Title IX inevitably leaves colleges no choice but to cut male sports in order to create an unnatural, compliance “parity.” The low profile male sports have been the first to go. Men’s gymnastics have lost 92% of their teams since the implementation of Title IX while women’s gymnastics has gained almost 5 times as many teams. Men’s wrestling has lost 171 programs in the same time frame. Even when there is money, some schools have to cut male rosters to meet the lack of female demand as women’s scholarships go untaken in women’s rowing, golf and other less popular sports. 30% of schools that have women’s swimming teams has no men’s team. Men’s track and cross country rosters are often materially smaller than women’s for schools that even field men’s teams despite many universities having the money and funding to support both a male and female counterpart of these sports.
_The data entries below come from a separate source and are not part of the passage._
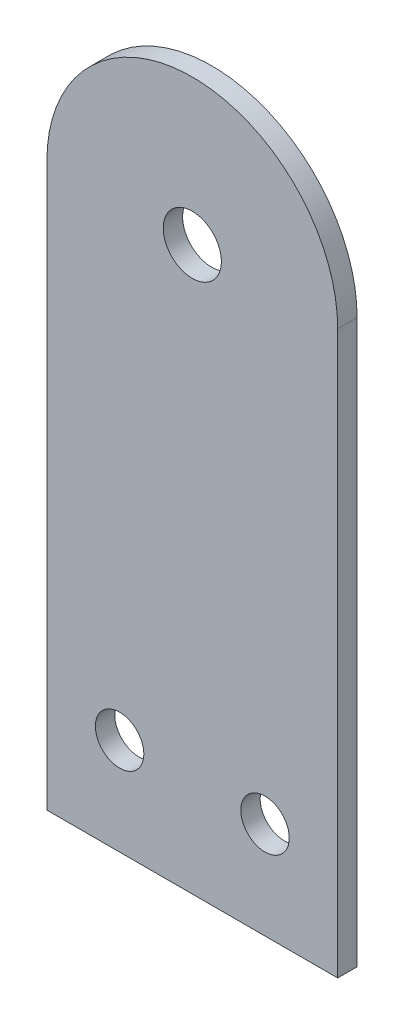
from build123d import *

# Parameters (mm, degrees)
BOSS_EXTRUDE1_DEPTH = 2
SKETCH2_R           = 2.5
SKETCH2_R_2         = 3
CUT_EXTRUDE1_DEPTH  = 2


with BuildPart() as part:
    # Sketch1 → Boss-Extrude1 (new body)
    with BuildSketch(Plane.XY):
        with BuildLine():
            Line((0, 0), (30, 0))
            Line((30, 0), (30, 58))
            ThreePointArc((30, 58), (15, 73), (0, 58))
            Line((0, 58), (0, 0))
        make_face()
    extrude(amount=BOSS_EXTRUDE1_DEPTH)

    # Sketch2 → Cut-Extrude1 (cut)
    with BuildSketch(Plane.XY.offset(2)):
        with Locations((7.5, 10)):
            Circle(SKETCH2_R)
        with Locations((15, 58)):
            Circle(SKETCH2_R_2)
        with Locations((22.5, 10)):
            Circle(SKETCH2_R)
    extrude(amount=-CUT_EXTRUDE1_DEPTH, mode=Mode.SUBTRACT)


solid = part.part
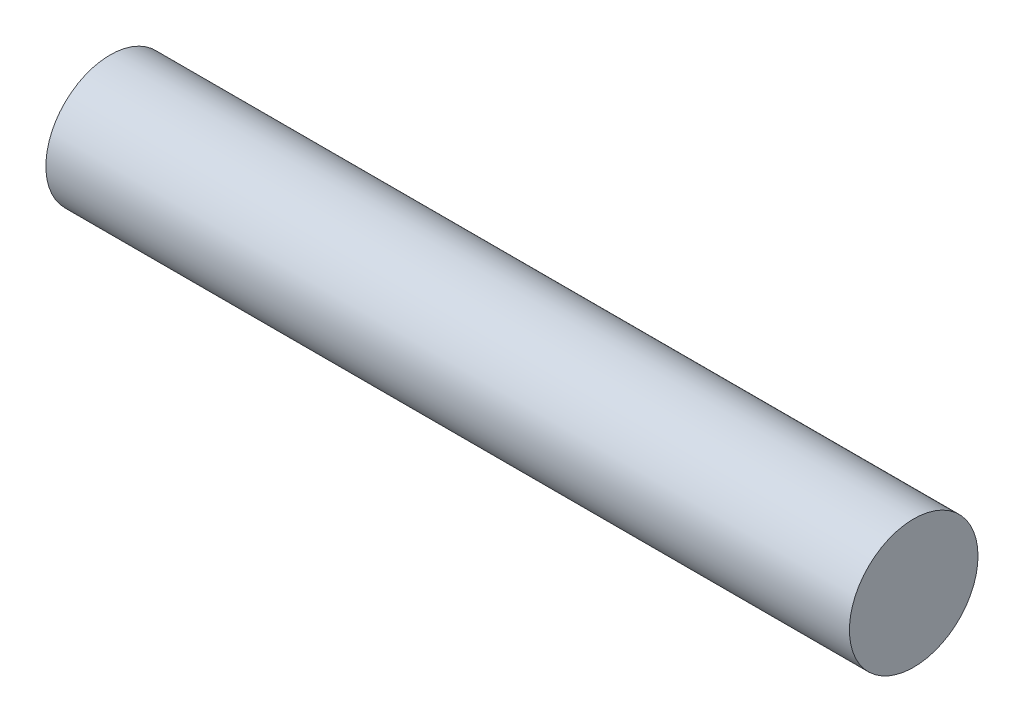
from build123d import *

# Parameters (mm, degrees)
SKETCH1_R           = 8
BOSS_EXTRUDE1_DEPTH = 100


with BuildPart() as part:
    # Sketch1 → Boss-Extrude1 (new body)
    with BuildSketch(Plane(origin=(0, 0, 0), x_dir=(0, 0, -1), z_dir=(1, 0, 0))):
        Circle(SKETCH1_R)
    extrude(amount=BOSS_EXTRUDE1_DEPTH)


solid = part.part

Title IX was enacted to create equality for men and women’s college sports. Ironically, this has led to inequality because of the cutting of male sports to create the appearance of parity but it is also now working against women as colleges inflate women’s rosters sizes in gender symmetric sports. There is a really a simple way we can fix this problem. If the compliance tests for the law were allowed to exempt or provide a waiver for the largest male and female team non symmetric sport from the quota count at each university, then football will not take all the male compliance spots from male shadow sports and an unnaturally stuffed female roster will not be counted in meeting compliance. As part of this waiver, all gender symmetric sports must be roster equivalent (i.e. if the men’s soccer team has 25 players, then a women’s team must have the same, not more). The biggest part of this fix is eliminating the unintended discriminatory effects that a football program has on a school. Football disrupts the quota system because of its enormous size and scholarship weight its equal calculations. Eliminating football rosters and scholarships from the objective prong of Title IX would then create a true equal parity of genders in sports and prevent inflated roster sizes for females; killing two birds with one stone.